Faulty drug tests sending thousands to jail each year
Posted July 15
A drug test commonly used by police officers on roadside stops may be sending people to jail based on erroneous results.
ProPublica released an investigation Thursday that shows the $2 drug tests many police officers use is easily misinterpreted and prone to errors. The report said that 74 percent of those convicted of illegal drug possession in Harris County, Texas, did not have any drugs at the time of their arrest and that “scores of them have yet to learn they’ve been proven innocent.”
In 2015, Harris County wrongfully convicted and subsequently exonerated one person for murder and 42 for possessing drugs. The county accounted for one-third of all exonerations in the United States last year, according to The Washington Post.
The investigation also found that many people arrested for a positive drug test will plead guilty to prevent staying in jail any longer, and judges often accept the plea before an official lab report can be done to verify the drug test. Of the 300 cases ProPublica investigated, more than half of those who were proven innocent pleaded guilty less than eight days after their arrest. Some have spent as many as 13 years with the conviction on their record.
Among those arrests, ProPublica found numerous disparities based on race, gender and age. In Houston, 60 percent of individuals wrongfully convicted for illegal drug possession were black, despite representing only 23 percent of city’s population. Fifty-five percent of those convicted were in their early 20s or 30s, leading to limited school and work opportunities. And nearly 84 percent of those wrongfully convicted were men.

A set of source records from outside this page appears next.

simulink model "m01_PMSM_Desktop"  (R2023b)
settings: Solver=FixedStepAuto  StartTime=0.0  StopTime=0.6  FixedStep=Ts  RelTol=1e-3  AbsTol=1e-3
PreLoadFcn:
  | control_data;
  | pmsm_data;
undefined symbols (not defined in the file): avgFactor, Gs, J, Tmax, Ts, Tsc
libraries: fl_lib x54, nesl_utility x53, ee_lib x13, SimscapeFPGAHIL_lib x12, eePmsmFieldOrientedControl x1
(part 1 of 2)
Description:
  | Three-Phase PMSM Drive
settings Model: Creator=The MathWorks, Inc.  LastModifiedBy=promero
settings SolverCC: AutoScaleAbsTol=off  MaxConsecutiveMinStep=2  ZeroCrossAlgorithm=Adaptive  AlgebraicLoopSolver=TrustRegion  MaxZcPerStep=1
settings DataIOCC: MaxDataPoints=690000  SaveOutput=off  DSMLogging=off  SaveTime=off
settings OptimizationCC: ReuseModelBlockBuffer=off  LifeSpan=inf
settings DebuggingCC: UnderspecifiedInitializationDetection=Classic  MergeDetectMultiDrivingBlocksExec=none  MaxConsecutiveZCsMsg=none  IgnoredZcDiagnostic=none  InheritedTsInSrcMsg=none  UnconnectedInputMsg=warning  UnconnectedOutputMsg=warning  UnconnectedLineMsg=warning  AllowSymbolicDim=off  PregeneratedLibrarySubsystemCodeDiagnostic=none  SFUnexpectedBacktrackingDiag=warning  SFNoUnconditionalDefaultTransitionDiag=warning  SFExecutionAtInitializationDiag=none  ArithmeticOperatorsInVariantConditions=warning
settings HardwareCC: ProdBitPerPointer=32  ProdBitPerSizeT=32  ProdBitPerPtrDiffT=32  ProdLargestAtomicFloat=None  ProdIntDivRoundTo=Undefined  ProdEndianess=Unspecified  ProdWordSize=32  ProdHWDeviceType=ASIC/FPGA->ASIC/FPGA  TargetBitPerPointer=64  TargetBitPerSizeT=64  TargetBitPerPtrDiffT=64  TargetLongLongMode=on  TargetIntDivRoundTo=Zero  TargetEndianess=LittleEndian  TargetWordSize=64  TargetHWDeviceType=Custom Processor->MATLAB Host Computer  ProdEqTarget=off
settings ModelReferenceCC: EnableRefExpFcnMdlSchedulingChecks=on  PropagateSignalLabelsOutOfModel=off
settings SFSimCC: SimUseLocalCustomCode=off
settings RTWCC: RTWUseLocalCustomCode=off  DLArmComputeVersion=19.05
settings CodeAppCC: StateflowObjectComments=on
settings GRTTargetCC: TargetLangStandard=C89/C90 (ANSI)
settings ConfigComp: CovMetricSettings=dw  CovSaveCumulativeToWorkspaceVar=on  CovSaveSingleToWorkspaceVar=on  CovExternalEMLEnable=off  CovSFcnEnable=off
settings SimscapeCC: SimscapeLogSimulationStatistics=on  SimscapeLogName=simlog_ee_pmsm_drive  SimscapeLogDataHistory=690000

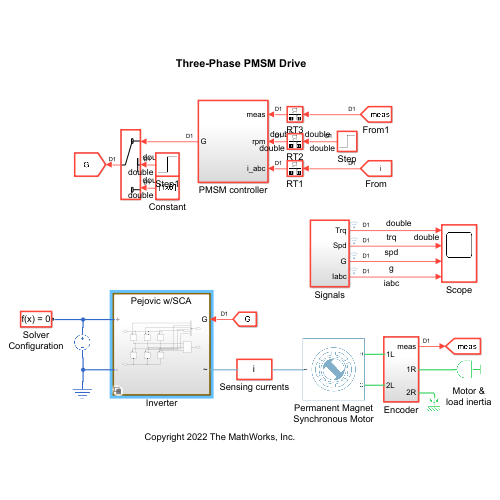
[thumbnail: Simulink's stored preview of the top-level diagram]
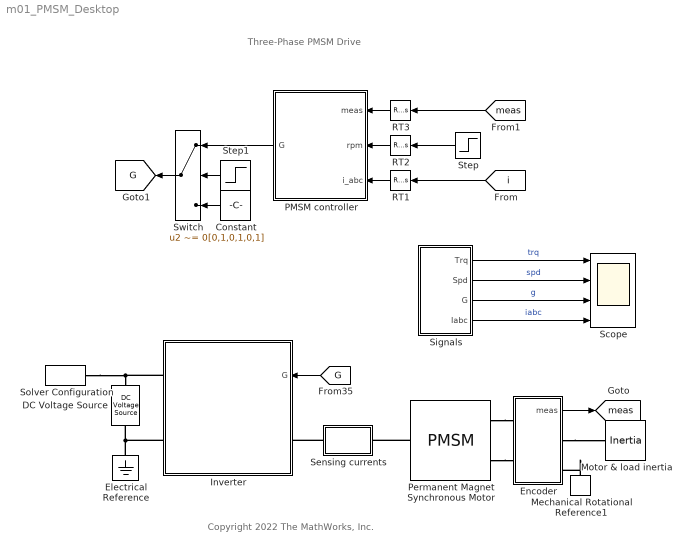
== system m01_PMSM_Desktop ==
  note: Three-Phase PMSM Drive
  note: Copyright 2022 The MathWorks, Inc.
  Constant : Constant  Value=[0,1,0,1,0,1]  SampleTime=-1
  DC Voltage Source : fl_lib/Electrical/Electrical Sources/DC Voltage Source  v0=48 V
  Electrical Reference : fl_lib/Electrical/Electrical Elements/Electrical Reference
  Encoder : Subsystem
  Inverter : Subsystem  Variant=on  VariantControlMode=label  VariantControl=Choice  LabelModeActiveChoice=PejovicSCA
  Mechanical Rotational Reference1 : fl_lib/Mechanical/Rotational Elements/Mechanical Rotational Reference
  Motor & load inertia : fl_lib/Mechanical/Rotational Elements/Inertia  inertia=J kg*m^2  num_ports=foundation.enum.numPorts2.one  w_specify=on  w_priority=High  w=0 rpm  w_nominal_specify=off  w_nominal_unit=rad/s  w_nominal_value=1  t_specify=off  t_priority=High  t=0 N*m  t_nominal_specify=off  t_nominal_unit=N*m  t_nominal_value=1
  PMSM controller : Subsystem
  Permanent Magnet Synchronous Motor : ee_lib/Electromechanical/Permanent Magnet/PMSM  port_option=ee.enum.threePhasePort.composite  winding_type=ee.enum.statorconnection.wye  machine_param=ee.enum.pmsm.parameterization.constant  nPolePairs=N  pmflux_param=ee.enum.pmflux.fluxlinkage  pm_flux_linkage=PM Wb  torque_constant=0.18 N*m/A  back_emf_constant=0.18 V/(rad/s)  stator_param=ee.enum.statorparam.LdLqL0  Ld=Ld H  Lq=Lq H  idVec=[-200, 0, 200] A  iqVec=[-200, 0, 200] A  LdMatrix=0.0002 * ones(3, 3) H  LqMatrix=0.0002 * ones(3, 3) H  PmMatrix=0.1 * ones(3, 3) Wb  ktMatrix=0.18 * ones(3, 3) N*m/A  keMatrix=0.18 * ones(3, 3) V/(rad/s)  L0=L0 H  Ls=0.0002 H  Lm=0.00002 H  Ms=0.00002 H  Rs=Rs Ohm  zero_sequence=ee.enum.park.zerosequence.exclude  axes_param=ee.enum.rotorangle.qaxis  loss_param=ee.enum.ironloss.none  losses_oc=[0, 0, 0] W  losses_sc=[0, 0, 0] W  f_losses=60 Hz  Isc_losses=95 A  J=0 kg*m^2  lam=0 N*m/(rad/s)  i_d_specify=off  i_d_priority=None  i_d=0 A  i_d_nominal_specify=off  i_d_nominal_unit=A  i_d_nominal_value=1  i_q_specify=off  i_q_priority=None  i_q=0 A  i_q_nominal_specify=off  i_q_nominal_unit=A  i_q_nominal_value=1  torque_specify=off  torque_priority=None  torque=0 N*m  torque_nominal_specify=off  torque_nominal_unit=N*m  torque_nominal_value=1  angular_velocity_specify=on  angular_velocity_priority=None  angular_velocity=0 rpm  angular_velocity_nominal_specify=off  angular_velocity_nominal_unit=rpm  angular_velocity_nominal_value=1  angular_position_specify=on  angular_position_priority=High  angular_position=0 rad  angular_position_nominal_specify=off  angular_position_nominal_unit=deg  angular_position_nominal_value=1  alpha=3.93e-3 1/K  alpha_flux=-0.001 1/K  Tmeas=298.15 K  stator_thermal_mass=100 J/K  rotor_thermal_mass=200 J/K  Rm_percent_rotor=90  Rd_percent_rotor=30  temperatureA_specify=off  temperatureA_priority=High  temperatureA=25 degC  temperatureA_nominal_specify=off  temperatureA_nominal_unit=degC  temperatureA_nominal_value=1  temperatureB_specify=off  temperatureB_priority=High  temperatureB=25 degC  temperatureB_nominal_specify=off  temperatureB_nominal_unit=degC  temperatureB_nominal_value=1  temperatureC_specify=off  temperatureC_priority=High  temperatureC=25 degC  temperatureC_nominal_specify=off  temperatureC_nominal_unit=degC  temperatureC_nominal_value=1  temperatureR_specify=off  temperatureR_priority=High  temperatureR=25 degC  temperatureR_nominal_specify=off  temperatureR_nominal_unit=degC  temperatureR_nominal_value=1
      settings: InternalSimscapePortConfiguration="{\"Bottom\":[],\"Left\":[{\"id\":\"N\",\"label\":\"~\",\"type\":\"foundation.electrical.three_phase\"}],\"Right\":[{\"id\":\"R\",\"label\":\"R\",\"type\":\"foundation.mechanical.rotational.rotational\"},{\"id\":\"C\",\"label\":\"C\",\"type\":\"foundation.mechanical.rotational.rotational\"}],\"Top\":[]}"
  RT1 : RateTransition  OutPortSampleTime=Tsc
  RT2 : RateTransition  OutPortSampleTime=Tsc
  RT3 : RateTransition  OutPortSampleTime=Tsc
  Scope : Scope  NumInputPorts=4
  Sensing currents : Subsystem
      mask Display: disp('i')
  "Signals " : Subsystem
  Solver Configuration : nesl_utility/Solver Configuration  PhysicalDomain=network_engine_domain  SubClassName=solver  LeftPortType=input  RightPortType=generic  Tones=[]  Harmonics=[]  SimulateNoise=off  Profile=off  UseLocalSampling=off  EnableSwitchedLinearOptims=on  FrequencyDomain=off  UseCCode=off  RelTol=0.001  AbsTol=1e-06  MinStep=1e-09  ToWorkspace=off  RevertToSquareIcSolve=off  NumHomotopyIterations=100  PhasorMode=off  PhasorModeNumHarmonics=1  ConsistencySolver=NEWTON_FTOL  IndexReductionMethod=DerivativeReplacement  DoDC=off  ResidualTolerance=1e-9  ConsistencyTolSource=GLOBAL  ConsistencyAbsTol=0.001  ConsistencyRelTol=0.001  ConsistencyTolFactor=0.001  UseLocalSolver=on  LocalSolverChoice=NE_PARTITIONING_ADVANCER  ResolveIndetEquations=on  FunctionEvalNumThread=1  LocalSolverSampleTime=Ts  DoFixedCost=off  MaxNonlinIter=1  MaxModeIter=2  ComputeImpulses=off  ImpulseIterations=2  LinearAlgebra=auto  LinearAlgebraNumThread=0  EquationFormulation=NE_TIME_EF  DelaysMemoryBudget=1024  AutomaticFiltering=on  FilteringTimeConstant=0.001  PartitionStorageMethod=AS_NEEDED  PartitionMemoryBudget=1024  PartitionMethod=FAST  MultibodyUseLocalSolver=off  MultibodyLocalSolverChoice=ODE1  MultibodyLocalSolverSampleTime=0.001
  Step : Step  Time=0.1  After=500  SampleTime=Tsc
  Step1 : Step  Time=1e-4
  Switch : Switch  Criteria=u2 ~= 0  SaturateOnIntegerOverflow=off  InputSameDT=off
  tag scope: G=global, meas=global
  wires:
  Step/1 -> RT2/1
  RT3/1 -> PMSM controller/1(meas)
  RT2/1 -> PMSM controller/2(rpm)
  RT1/1 -> PMSM controller/3(i_abc)
  "Signals "/2(Spd) -> Scope/2  "spd"
  "Signals "/4(Iabc) -> Scope/4  "iabc"
  "Signals "/3(G) -> Scope/3  "g"
  "Signals "/1(Trq) -> Scope/1  "trq"
  [i] -> RT1/1
  Encoder/1(meas) -> [meas]
  [meas] -> RT3/1
  PMSM controller/1(G) -> Switch/1
  Constant/1 -> Switch/3
  Step1/1 -> Switch/2
  Switch/1 -> [G]
  [G] -> Inverter/1(G)
  connections:
  Permanent Magnet Synchronous Motor/RConn1 -- Encoder/LConn1
  Permanent Magnet Synchronous Motor/RConn2 -- Encoder/LConn2
  Encoder/RConn1 -- Motor & load inertia/LConn1
  Mechanical Rotational Reference1/LConn1 -- Encoder/RConn2
  Permanent Magnet Synchronous Motor/LConn1 -- Sensing currents/RConn1
  Solver Configuration/RConn1 -- DC Voltage Source/LConn1 -- Inverter/RConn1
  DC Voltage Source/RConn1 -- Inverter/RConn2 -- Electrical Reference/LConn1
  Sensing currents/LConn1 -- Inverter/LConn1

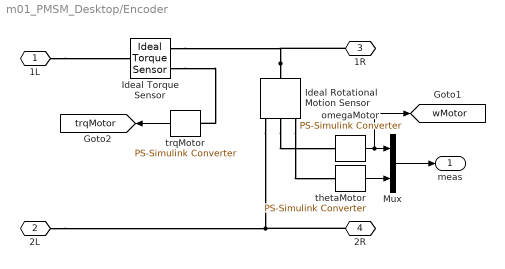
== system m01_PMSM_Desktop/Encoder ==
  Ideal Rotational Motion Sensor : fl_lib/Mechanical/Mechanical Sensors/Ideal Rotational Motion Sensor  reference=foundation.enum.MeasurementReference.difference  acceleration_port=false  velocity_port=true  position_port=true  wrap_angle=simscape.enum.onoff.off  offset=0 deg
  Ideal Torque Sensor : fl_lib/Mechanical/Mechanical Sensors/Ideal Torque Sensor
  Mux : Mux  Inputs=2
  omegaMotor : nesl_utility/PS-Simulink Converter  PhysicalDomain=network_engine_domain  SubClassName=ps_output  LeftPortType=input  RightPortType=output  PseudoPeriodic=off  Frequencies=[]  VectorFormat=1-D array  Unit=inherit  AffineConversion=off
  thetaMotor : nesl_utility/PS-Simulink Converter  PhysicalDomain=network_engine_domain  SubClassName=ps_output  LeftPortType=input  RightPortType=output  PseudoPeriodic=off  Frequencies=[]  VectorFormat=1-D array  Unit=inherit  AffineConversion=off
  trqMotor : nesl_utility/PS-Simulink Converter  PhysicalDomain=network_engine_domain  SubClassName=ps_output  LeftPortType=input  RightPortType=output  PseudoPeriodic=off  Frequencies=[]  VectorFormat=1-D array  Unit=inherit  AffineConversion=off
  1L : PMIOPort  Side=Left
  2L : PMIOPort  Port=2  Side=Left
  1R : PMIOPort  Port=3  Side=Right
  2R : PMIOPort  Port=4  Side=Right
  meas : Outport  VectorParamsAs1DForOutWhenUnconnected=off
  tag scope: trqMotor=global, wMotor=global
  wires:
  trqMotor/1 -> [trqMotor]
  Mux/1 -> meas/1
  thetaMotor/1 -> Mux/2
  omegaMotor/1 -> [wMotor], Mux/1
  connections:
  Ideal Torque Sensor/RConn2 -- trqMotor/LConn1
  1L/RConn1 -- Ideal Torque Sensor/LConn1
  2R/RConn1 -- 2L/RConn1 -- Ideal Rotational Motion Sensor/RConn1
  Ideal Rotational Motion Sensor/LConn1 -- 1R/RConn1 -- Ideal Torque Sensor/RConn1
  Ideal Rotational Motion Sensor/RConn2 -- omegaMotor/LConn1
  Ideal Rotational Motion Sensor/RConn3 -- thetaMotor/LConn1

== system m01_PMSM_Desktop/Inverter ==
  G : Inport
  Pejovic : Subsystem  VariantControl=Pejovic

There is currently no federal regulation of the drug tests, according to the investigation. And though there’s no exact number of how many wrongful drug convictions there are nationally, ProPublica was able to find error rates for a few other precincts beyond Harris County.
In Las Vegas, for example, 33 percent of cocaine field tests conducted between 2010 and 2013 were false positives. And in Florida, 21 percent of methamphetamine tests were wrong — mostly because police officers misunderstood the labeling on the drug tests.